The Indo-U.S. Science and Technology Forum (IUSSTF), a binational foundation, was established by the two Governments in 2000 to promote, catalyze and seed S&T cooperation between India and the United States. IUSSTF is uniquely positioned to proactively engage the S&T communities by identifying “leading edge areas” that are high-priority for both nations, bringing together key stakeholders to help create synergies, and supporting workshops/ networking opportunities to initiate new collaborations.

Recognizing the promise and potential of AI, IUSSTF launched the U.S. - India Artificial Intelligence (USIAI) Initiative, a unique opportunity for the world’s two largest democracies to strengthen their strategic partnership by focusing on AI cooperation in critical areas that are priorities for both countries. USIAI will serve as a platform to discuss opportunities for bilateral AI R&D collaboration, identify key challenges and barriers to adoption of AI, share ideas for developing an AI workforce, and recommend modes and mechanisms for catalyzing partnerships.
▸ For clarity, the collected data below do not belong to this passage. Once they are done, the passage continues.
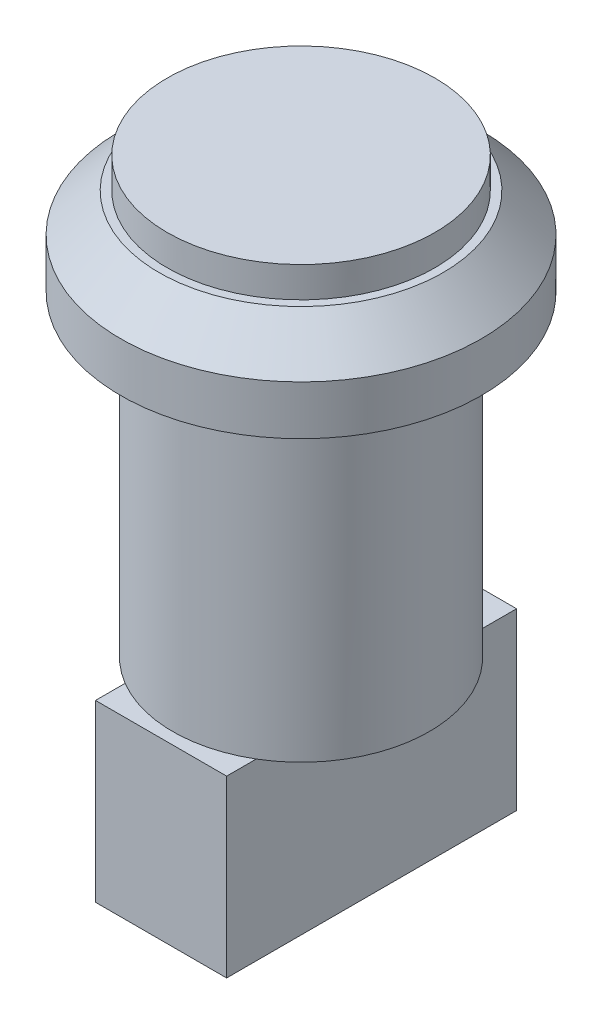
from build123d import *

# Parameters (mm, degrees)
SKETCH1_R           = 12.25
BOSS_EXTRUDE1_DEPTH = 2.8
SKETCH2_R           = 16.5
BOSS_EXTRUDE2_DEPTH = 8
CHAMFER1_SIZE       = 3.5
SKETCH3_R           = 11.75
BOSS_EXTRUDE3_DEPTH = 29
SKETCH4_W           = 12
SKETCH4_H           = 26.533921206
BOSS_EXTRUDE4_DEPTH = 16


with BuildPart() as part:
    # Sketch1 → Boss-Extrude1 (new body)
    with BuildSketch(Plane(origin=(0, 0, 0), x_dir=(1, 0, 0), z_dir=(0, 1, 0))):
        with Locations(Location((0, 0, 0), (0, 0, 270))):
            Circle(SKETCH1_R)
    extrude(amount=BOSS_EXTRUDE1_DEPTH)

    # Sketch2 → Boss-Extrude2 (add)
    with BuildSketch(Plane.XZ):
        with Locations(Location((0, 0, 0), (0, 0, 270))):
            Circle(SKETCH2_R)
    extrude(amount=BOSS_EXTRUDE2_DEPTH)

    # Chamfer1
    chamfer1_edges = [part.edges().sort_by_distance(p)[0] for p in [
        (0, 0, 16.5),
    ]]
    chamfer(chamfer1_edges, length=CHAMFER1_SIZE)

    # Sketch3 → Boss-Extrude3 (add)
    with BuildSketch(Plane.XZ.offset(8)):
        with Locations(Location((0, 0, 0), (0, 0, 90))):
            Circle(SKETCH3_R)
    extrude(amount=BOSS_EXTRUDE3_DEPTH)

    # Sketch4 → Boss-Extrude4 (add)
    with BuildSketch(Plane.XZ.offset(37)):
        with Locations((0, -0.455127293)):
            Rectangle(SKETCH4_W, SKETCH4_H)
    extrude(amount=BOSS_EXTRUDE4_DEPTH)


solid = part.part

IUSSTF is partnering with itihaasa Research and Digital (https://itihaasa.com/), a not-for-profit, organization that studies the evolution of technology and business domains in India, on a series of activities in the area of Education, Training, and Workforce Development under the USIAI umbrella. With AI workforce development a priority for both countries, the USIAI platform will allow Indian and U.S. academic institutions to come together to share best practices for education and program development, identify synergies for collaborative research and training including faculty and student exchange, and address the challenges associated with developing a diverse, robust AI workforce.

In May 2022, Prime Minister Modi and President Biden welcomed the launch of the United States–India Initiative on Critical and Emerging Technologies (iCET) to expand partnership in these strategic areas. With AI being a priority for both the United States and India, a partnership between our two democracies can lead to a strategic framework for AI that conforms to the shared values of openness, transparency, and reciprocity and encourages responsible innovation that will benefit both countries.

This report focuses on AI and Data Science higher education initiatives. The second chapter provides an overview of the AI/DS initiatives and their outcomes in the U.S. and Europe. The third chapter presents the key results of a first of a kind survey on the landscape of AI/DS higher education in India. The final chapter of the report presents key action plans in the form of key next steps to be undertaken.